The short-lived Qin dynasty chose Legalism as the state ideology, banning and persecuting all other schools of thought. Confucianism was harshly suppressed, with the burning of Confucian classics and killing of scholars who espoused the Confucian cause. The state ritual of the Qin was similar to that of the following Han dynasty. Qin Shi Huang personally held sacrifices to Di at Mount Tai, a site dedicated to the worship of the supreme God since before the Xia, and in the suburbs of the capital Xianyang. The emperors of Qin also concentrated the cults of the five forms of God, previously held at different locations, in unified temple complexes. The universal religion of the Han was focused on the idea of the incarnation of God as the Yellow Emperor, the central figure of the Wufang Shangdi. The idea of the incarnation of God was not new, as the Shang also regarded themselves as divine. Besides these development, the latter Han dynasty was characterised by new religious phenomena: the emergence of Taoism outside state orthodoxy, the rise of indigenous millenarian religious movements, and the introduction of Buddhism. By the Han dynasty, the mythical Yellow Emperor was understood as being conceived by the virgin Fubao, who was impregnated by the radiance of Taiyi.
Emperor Wu of Han formulated the doctrine of the Interactions Between Heaven and Mankind, and of prominent fangshi, while outside the state religion the Yellow God was the focus of Huang-Lao religious movements which influenced primitive Taoism. Before the Confucian turn of Emperor Wu and after him, the early and latter Han dynasty had Huang-Lao as the state doctrine under various emperors, where Laozi was identified as the Yellow Emperor and received imperial sacrifices. The Eastern Han struggled with both internal instability and menace by non-Chinese peoples from the outer edges of the empire. In such harsh conditions, while the imperial cult continued the sacrifices to the cosmological gods, common people estranged from the rationalism of the state religion found solace in enlightened masters and in reviving and perpetuating more or less abandoned cults of national, regional and local divinities that better represented indigenous identities. The Han state religion was "ethnicised" by associating the cosmological deities to regional populations. By the end of the Eastern Han, the earliest record of a mass religious movement attests the excitement provoked by the belief in the imminent advent of the Queen Mother of the West in the northeastern provinces. From the elites' point of view, the movement was connected to a series of abnormal cosmic phenomena seen as characteristic of an excess of yin.
Between 184 and 205 CE, the Way of the Supreme Peace in the Central Plains organized the Yellow Turban Rebellion against the Han.
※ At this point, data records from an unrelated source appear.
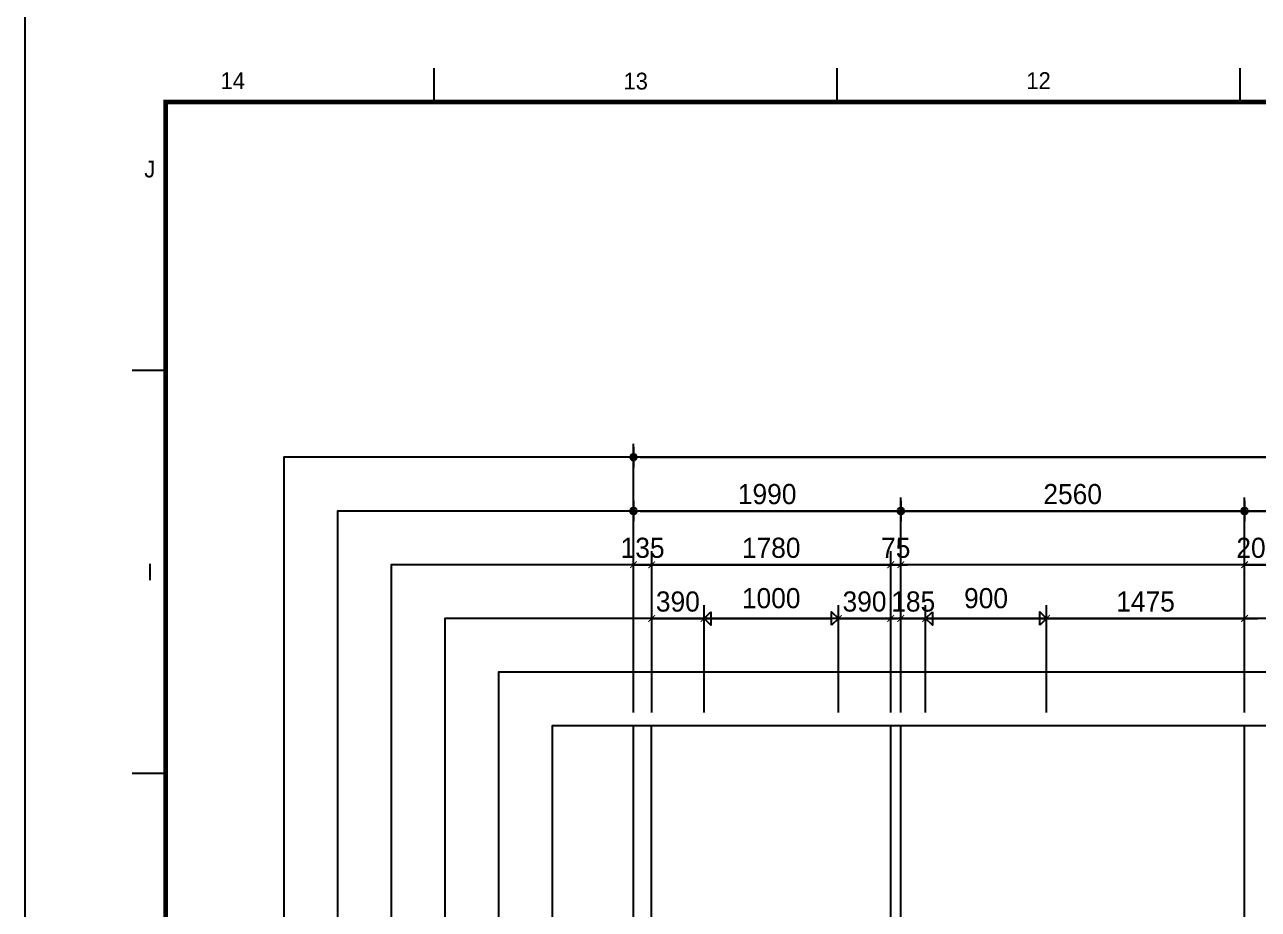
# Model space of a CAD drawing. Header units: millimetres. Extents: x -24416 to 92204, y -190080 to 23760.
# Drawn here: x 50154 to 59340, y -167242 to -160655 of the extents above; entities that cross this region are included whole.
import ezdxf
from ezdxf.enums import TextEntityAlignment as Align

# ---------------------------------------------------------------- set-up
doc = ezdxf.new("R2010")
doc.units = ezdxf.units.MM
doc.header["$LTSCALE"] = 50
doc.linetypes.add('AUDIT_D_220706163347-0', pattern=[0])
doc.linetypes.add('CEN', pattern=[62, 60, -1, 0, -1])
doc.layers.get('defpoints').update_dxf_attribs({"color": 139})
for name, color, linetype in [('AA-BORD-FORM', 7, 'Continuous'), ('AA-BORD-TEXT', 3, 'Continuous'), ('AA-XXXX-DIMS', 7, 'Continuous'), ('ARDM', 7, 'Continuous'), ('CEN_CON', 1, 'CEN'), ('DIM', 7, 'AUDIT_D_220706163347-0'), ('실명박스', 7, 'AUDIT_D_220706163347-0')]:
    doc.layers.add(name, color=color, linetype=linetype)
doc.layers.add('AA-XXXX-MC', color=153, linetype='AUDIT_D_220706163347-0', plot=False)
doc.styles.add('HAUD01', font='Dotum.ttf')
doc.styles.add('맑은고딕', font='malgun.ttf', dxfattribs={"width": 0.9})
doc.dimstyles.new('DIM-50', dxfattribs={"dimscale": 50, "dimtxt": 3, "dimasz": 1, "dimexe": 2, "dimexo": 2, "dimgap": 1, "dimtad": 1, "dimdec": 0, "dimzin": 0, "dimdsep": 46, "dimtxsty": '맑은고딕', "dimblk1": 'DIMDOT', "dimblk2": 'DIMDOT', "dimsah": 1, "dimcen": 0.09, "dimdle": 2, "dimclrd": 7, "dimclre": 7, "dimclrt": 3, "dimadec": 0, "dimazin": 0, "dimtfac": 1, "dimtdec": 0, "dimtix": 1, "dimtmove": 2, "dimatfit": 3, "dimldrblk": 'DIMDOT', "dimfxl": 1, "dimtolj": 1, "dimtzin": 0, "dimarcsym": 0})
doc.dimstyles.new('MCDIM-50', dxfattribs={"dimscale": 50, "dimtxt": 3, "dimasz": 1, "dimexe": 2, "dimexo": 2, "dimgap": 1, "dimtad": 1, "dimdec": 0, "dimzin": 0, "dimdsep": 46, "dimtxsty": '맑은고딕', "dimblk1": 'ARCHTICK', "dimblk2": 'ARCHTICK', "dimsah": 1, "dimcen": 0.09, "dimdle": 2, "dimclrd": 7, "dimclre": 7, "dimclrt": 3, "dimadec": 0, "dimazin": 0, "dimtfac": 1, "dimtdec": 0, "dimtix": 1, "dimtmove": 2, "dimatfit": 3, "dimldrblk": 'ARCHTICK', "dimfxl": 1, "dimtolj": 1, "dimtzin": 0, "dimarcsym": 0})
doc.dimstyles.new('외부100-win', dxfattribs={"dimscale": 50, "dimtxt": 3, "dimasz": 1, "dimexe": 2, "dimexo": 2.5, "dimgap": 1.5, "dimtad": 1, "dimdec": 0, "dimzin": 0, "dimdsep": 46, "dimtxsty": '맑은고딕', "dimblk": 'DO2-2', "dimblk1": 'DO2-2', "dimblk2": 'DIMDOT', "dimcen": 0.09, "dimdle": 2, "dimclrd": 7, "dimclre": 7, "dimclrt": 3, "dimadec": 0, "dimazin": 0, "dimtfac": 1, "dimtdec": 0, "dimtix": 1, "dimtmove": 2, "dimatfit": 3, "dimldrblk": 'DO2-2', "dimfxl": 1, "dimtolj": 1, "dimtzin": 0, "dimarcsym": 0})

# ---------------------------------------------------------------- blocks, each defined once
blk = doc.blocks.new('XR-FORM 청주월명')
at = {"layer": 'AA-BORD-FORM', "color": 2}
for p, q in [((61, 577), (61, 582)), ((121, 577), (121, 582)), ((181, 577), (181, 582)), ((21, 537), (16, 537)), ((21, 477), (16, 477))]:
    blk.add_line(p, q, dxfattribs=at)
at = {"layer": 'AA-BORD-FORM', "color": 1}
blk.add_lwpolyline([(0, 0), (841, 0), (841, 594), (0, 594)], close=True, dxfattribs=at)
at = {"layer": 'AA-BORD-FORM', "color": 2, "const_width": 0.682}
blk.add_lwpolyline([(21, 17), (21, 577), (821, 577), (821, 17)], close=True, dxfattribs=at)
at = {"layer": 'AA-BORD-TEXT', "color": 7, "style": 'HAUD01'}
for s, p in [('14', (31, 580.17)), ('13', (91, 580.1)), ('12', (151, 580.17)), ('J', (18.63, 567)), ('I', (18.67, 507))]:
    blk.add_text(s, height=2.5, dxfattribs=at).set_placement(p, align=Align.MIDDLE_CENTER)
blk = doc.blocks.new('A$C415C5DAF')
at = {"layer": 'AA-XXXX-MC'}
for p, q in [((42337.3, -186343), (42337.3, -184253)), ((44117.3, -186343), (44117.3, -184253))]:
    blk.add_line(p, q, dxfattribs=at)
at = {"layer": 'CEN_CON'}
for p, q in [((42202.3, -186343), (42202.3, -184253)), ((44192.3, -186343), (44192.3, -184253)), ((46752.3, -186343), (46752.3, -184253))]:
    blk.add_line(p, q, dxfattribs=at)
blk = doc.blocks.new('_ArchTick')
at = {"color": 0, "linetype": 'ByBlock', "const_width": 0.15}
blk.add_lwpolyline([(-0.5, -0.5), (0.5, 0.5)], dxfattribs=at)
blk = doc.blocks.new('*D95')
at = {"layer": 'defpoints', "color": 0, "linetype": 'ByBlock', "transparency": 16777216}
for p in [(8145.6, -188835.9), (7755.6, -189635.9), (8145.6, -189635.9)]:
    blk.add_point(p, dxfattribs=at)
at = {"layer": 'DIM', "color": 7, "linetype": 'ByBlock', "lineweight": -2, "transparency": 16777216}
for p, q in [((7755.6, -189535.9), (7755.6, -188735.9)), ((8145.6, -189535.9), (8145.6, -188735.9)), ((7755.6, -188835.9), (7705.6, -188835.9)), ((7755.6, -188835.9), (8145.6, -188835.9)), ((8145.6, -188835.9), (8195.6, -188835.9))]:
    blk.add_line(p, q, dxfattribs=at)
at = {"layer": 'DIM', "color": 7, "linetype": 'ByBlock', "lineweight": -2, "transparency": 16777216, "xscale": 50, "yscale": 50, "zscale": 50}
blk.add_blockref('_ArchTick', (7755.6, -188835.9), dxfattribs=at)
at = {"layer": 'DIM', "color": 7, "linetype": 'ByBlock', "lineweight": -2, "transparency": 16777216, "xscale": 50, "yscale": 50, "zscale": 50, "rotation": 180}
blk.add_blockref('_ArchTick', (8145.6, -188835.9), dxfattribs=at)
at = {"layer": 'DIM', "color": 3, "linetype": 'ByBlock', "transparency": 16777216, "insert": (7950.6, -188710.8), "char_height": 150, "attachment_point": 5, "style": 'HAUD01'}
blk.add_mtext('\\A1;390', dxfattribs=at)
blk = doc.blocks.new('DO2-2')
at = {"layer": 'ARDM'}
blk.add_line((0, 0), (-2, 0), dxfattribs=at)
blk.add_lwpolyline([(-1, -1), (-1, 1), (0, 0)], close=True, dxfattribs=at)
blk = doc.blocks.new('*D96')
at = {"layer": 'defpoints', "color": 0, "linetype": 'ByBlock', "transparency": 16777216}
for p in [(9145.6, -188835.9), (8145.6, -189635.9), (9145.6, -189635.9)]:
    blk.add_point(p, dxfattribs=at)
at = {"layer": 'DIM', "color": 7, "linetype": 'ByBlock', "lineweight": -2, "transparency": 16777216}
for p, q in [((8145.6, -189510.9), (8145.6, -188735.9)), ((9145.6, -189510.9), (9145.6, -188735.9)), ((8195.6, -188835.9), (9095.6, -188835.9))]:
    blk.add_line(p, q, dxfattribs=at)
at = {"layer": 'DIM', "color": 7, "linetype": 'ByBlock', "lineweight": -2, "transparency": 16777216, "xscale": 50, "yscale": 50, "zscale": 50, "rotation": 180}
blk.add_blockref('DO2-2', (8145.6, -188835.9), dxfattribs=at)
at = {"layer": 'DIM', "color": 7, "linetype": 'ByBlock', "lineweight": -2, "transparency": 16777216, "xscale": 50, "yscale": 50, "zscale": 50}
blk.add_blockref('DO2-2', (9145.6, -188835.9), dxfattribs=at)
at = {"layer": 'DIM', "color": 3, "linetype": 'ByBlock', "transparency": 16777216, "insert": (8645.6, -188685.8), "char_height": 150, "attachment_point": 5, "style": 'HAUD01'}
blk.add_mtext('\\A1;1000', dxfattribs=at)
blk = doc.blocks.new('DIMDOT')
at = {"layer": 'AA-XXXX-DIMS'}
for p, q in [((-1.5, 0), (1.5, 0)), ((0, -1.5), (0, 1.5))]:
    blk.add_line(p, q, dxfattribs=at)
for radius in [0.5, 0.25]:
    blk.add_circle((0, 0), radius, dxfattribs=at)
blk = doc.blocks.new('*D97')
at = {"layer": 'defpoints', "color": 0, "linetype": 'ByBlock', "transparency": 16777216}
for p in [(9535.6, -188835.9), (9145.6, -189635.9), (9535.6, -189635.9)]:
    blk.add_point(p, dxfattribs=at)
at = {"layer": 'DIM', "color": 7, "linetype": 'ByBlock', "lineweight": -2, "transparency": 16777216}
for p, q in [((9145.6, -189535.9), (9145.6, -188735.9)), ((9535.6, -189535.9), (9535.6, -188735.9)), ((9145.6, -188835.9), (9095.6, -188835.9)), ((9145.6, -188835.9), (9535.6, -188835.9)), ((9535.6, -188835.9), (9585.6, -188835.9))]:
    blk.add_line(p, q, dxfattribs=at)
at = {"layer": 'DIM', "color": 7, "linetype": 'ByBlock', "lineweight": -2, "transparency": 16777216, "xscale": 50, "yscale": 50, "zscale": 50}
blk.add_blockref('_ArchTick', (9145.6, -188835.9), dxfattribs=at)
at = {"layer": 'DIM', "color": 7, "linetype": 'ByBlock', "lineweight": -2, "transparency": 16777216, "xscale": 50, "yscale": 50, "zscale": 50, "rotation": 180}
blk.add_blockref('_ArchTick', (9535.6, -188835.9), dxfattribs=at)
at = {"layer": 'DIM', "color": 3, "linetype": 'ByBlock', "transparency": 16777216, "insert": (9340.6, -188710.8), "char_height": 150, "attachment_point": 5, "style": 'HAUD01'}
blk.add_mtext('\\A1;390', dxfattribs=at)
blk = doc.blocks.new('*D98')
at = {"layer": 'defpoints', "color": 0, "linetype": 'ByBlock', "transparency": 16777216}
for p in [(9795.6, -188835.9), (9610.6, -189635.9), (9795.6, -189635.9)]:
    blk.add_point(p, dxfattribs=at)
at = {"layer": 'DIM', "color": 7, "linetype": 'ByBlock', "lineweight": -2, "transparency": 16777216}
for p, q in [((9610.6, -189535.9), (9610.6, -188735.9)), ((9795.6, -189535.9), (9795.6, -188735.9)), ((9610.6, -188835.9), (9560.6, -188835.9)), ((9610.6, -188835.9), (9795.6, -188835.9)), ((9795.6, -188835.9), (9845.6, -188835.9))]:
    blk.add_line(p, q, dxfattribs=at)
at = {"layer": 'DIM', "color": 7, "linetype": 'ByBlock', "lineweight": -2, "transparency": 16777216, "xscale": 50, "yscale": 50, "zscale": 50}
blk.add_blockref('_ArchTick', (9610.6, -188835.9), dxfattribs=at)
at = {"layer": 'DIM', "color": 7, "linetype": 'ByBlock', "lineweight": -2, "transparency": 16777216, "xscale": 50, "yscale": 50, "zscale": 50, "rotation": 180}
blk.add_blockref('_ArchTick', (9795.6, -188835.9), dxfattribs=at)
at = {"layer": 'DIM', "color": 3, "linetype": 'ByBlock', "transparency": 16777216, "insert": (9703.1, -188710.8), "char_height": 150, "attachment_point": 5, "style": 'HAUD01'}
blk.add_mtext('\\A1;185', dxfattribs=at)
blk = doc.blocks.new('*D99')
at = {"layer": 'defpoints', "color": 0, "linetype": 'ByBlock', "transparency": 16777216}
for p in [(10695.6, -188835.9), (9795.6, -189635.9), (10695.6, -189635.9)]:
    blk.add_point(p, dxfattribs=at)
at = {"layer": 'DIM', "color": 7, "linetype": 'ByBlock', "lineweight": -2, "transparency": 16777216}
for p, q in [((9795.6, -189510.9), (9795.6, -188735.9)), ((10695.6, -189510.9), (10695.6, -188735.9)), ((9845.6, -188835.9), (10645.6, -188835.9))]:
    blk.add_line(p, q, dxfattribs=at)
at = {"layer": 'DIM', "color": 7, "linetype": 'ByBlock', "lineweight": -2, "transparency": 16777216, "xscale": 50, "yscale": 50, "zscale": 50, "rotation": 180}
blk.add_blockref('DO2-2', (9795.6, -188835.9), dxfattribs=at)
at = {"layer": 'DIM', "color": 7, "linetype": 'ByBlock', "lineweight": -2, "transparency": 16777216, "xscale": 50, "yscale": 50, "zscale": 50}
blk.add_blockref('DO2-2', (10695.6, -188835.9), dxfattribs=at)
at = {"layer": 'DIM', "color": 3, "linetype": 'ByBlock', "transparency": 16777216, "insert": (10245.6, -188685.8), "char_height": 150, "attachment_point": 5, "style": 'HAUD01'}
blk.add_mtext('\\A1;900', dxfattribs=at)
blk = doc.blocks.new('*D100')
at = {"layer": 'defpoints', "color": 0, "linetype": 'ByBlock', "transparency": 16777216}
for p in [(12170.6, -188835.9), (10695.6, -189635.9), (12170.6, -189635.9)]:
    blk.add_point(p, dxfattribs=at)
at = {"layer": 'DIM', "color": 7, "linetype": 'ByBlock', "lineweight": -2, "transparency": 16777216}
for p, q in [((10695.6, -189535.9), (10695.6, -188735.9)), ((12170.6, -189535.9), (12170.6, -188735.9)), ((10595.6, -188835.9), (12270.6, -188835.9))]:
    blk.add_line(p, q, dxfattribs=at)
at = {"layer": 'DIM', "color": 7, "linetype": 'ByBlock', "lineweight": -2, "transparency": 16777216, "xscale": 50, "yscale": 50, "zscale": 50, "rotation": 180}
blk.add_blockref('_ArchTick', (10695.6, -188835.9), dxfattribs=at)
at = {"layer": 'DIM', "color": 7, "linetype": 'ByBlock', "lineweight": -2, "transparency": 16777216, "xscale": 50, "yscale": 50, "zscale": 50}
blk.add_blockref('_ArchTick', (12170.6, -188835.9), dxfattribs=at)
at = {"layer": 'DIM', "color": 3, "linetype": 'ByBlock', "transparency": 16777216, "insert": (11433.1, -188710.8), "char_height": 150, "attachment_point": 5, "style": 'HAUD01'}
blk.add_mtext('\\A1;1475', dxfattribs=at)
blk = doc.blocks.new('*D104')
at = {"layer": 'defpoints', "color": 0, "transparency": 16777216}
for p in [(9610.6, -188035.9), (7620.6, -189635.9), (9610.6, -189635.9)]:
    blk.add_point(p, dxfattribs=at)
at = {"layer": 'DIM', "color": 7, "lineweight": -2, "transparency": 16777216}
for p, q in [((7620.6, -189535.9), (7620.6, -187935.9)), ((9610.6, -189535.9), (9610.6, -187935.9)), ((7670.6, -188035.9), (9560.6, -188035.9))]:
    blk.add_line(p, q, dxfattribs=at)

Later Taoist religious movements flourished in the Han state of Shu. A shaman named Zhang Xiu was known to have led a group of followers from Shu into the uprising of the year 184. In 191, he reappeared as a military official in the province, together with the apparently unrelated Zhang Lu. During a military mission in Hanning, Xiu died in battle. Between 143 and 198, starting with the grandfather Zhang Daoling and culminating with Zhang Lu, the Zhang lineage established the early Celestial Masters church. Zhang died in 216 or 217, and between 215 and 219 the people of Hanzhong were gradually dispersed northwards, spreading Celestial Masters' Taoism to other parts of the empire.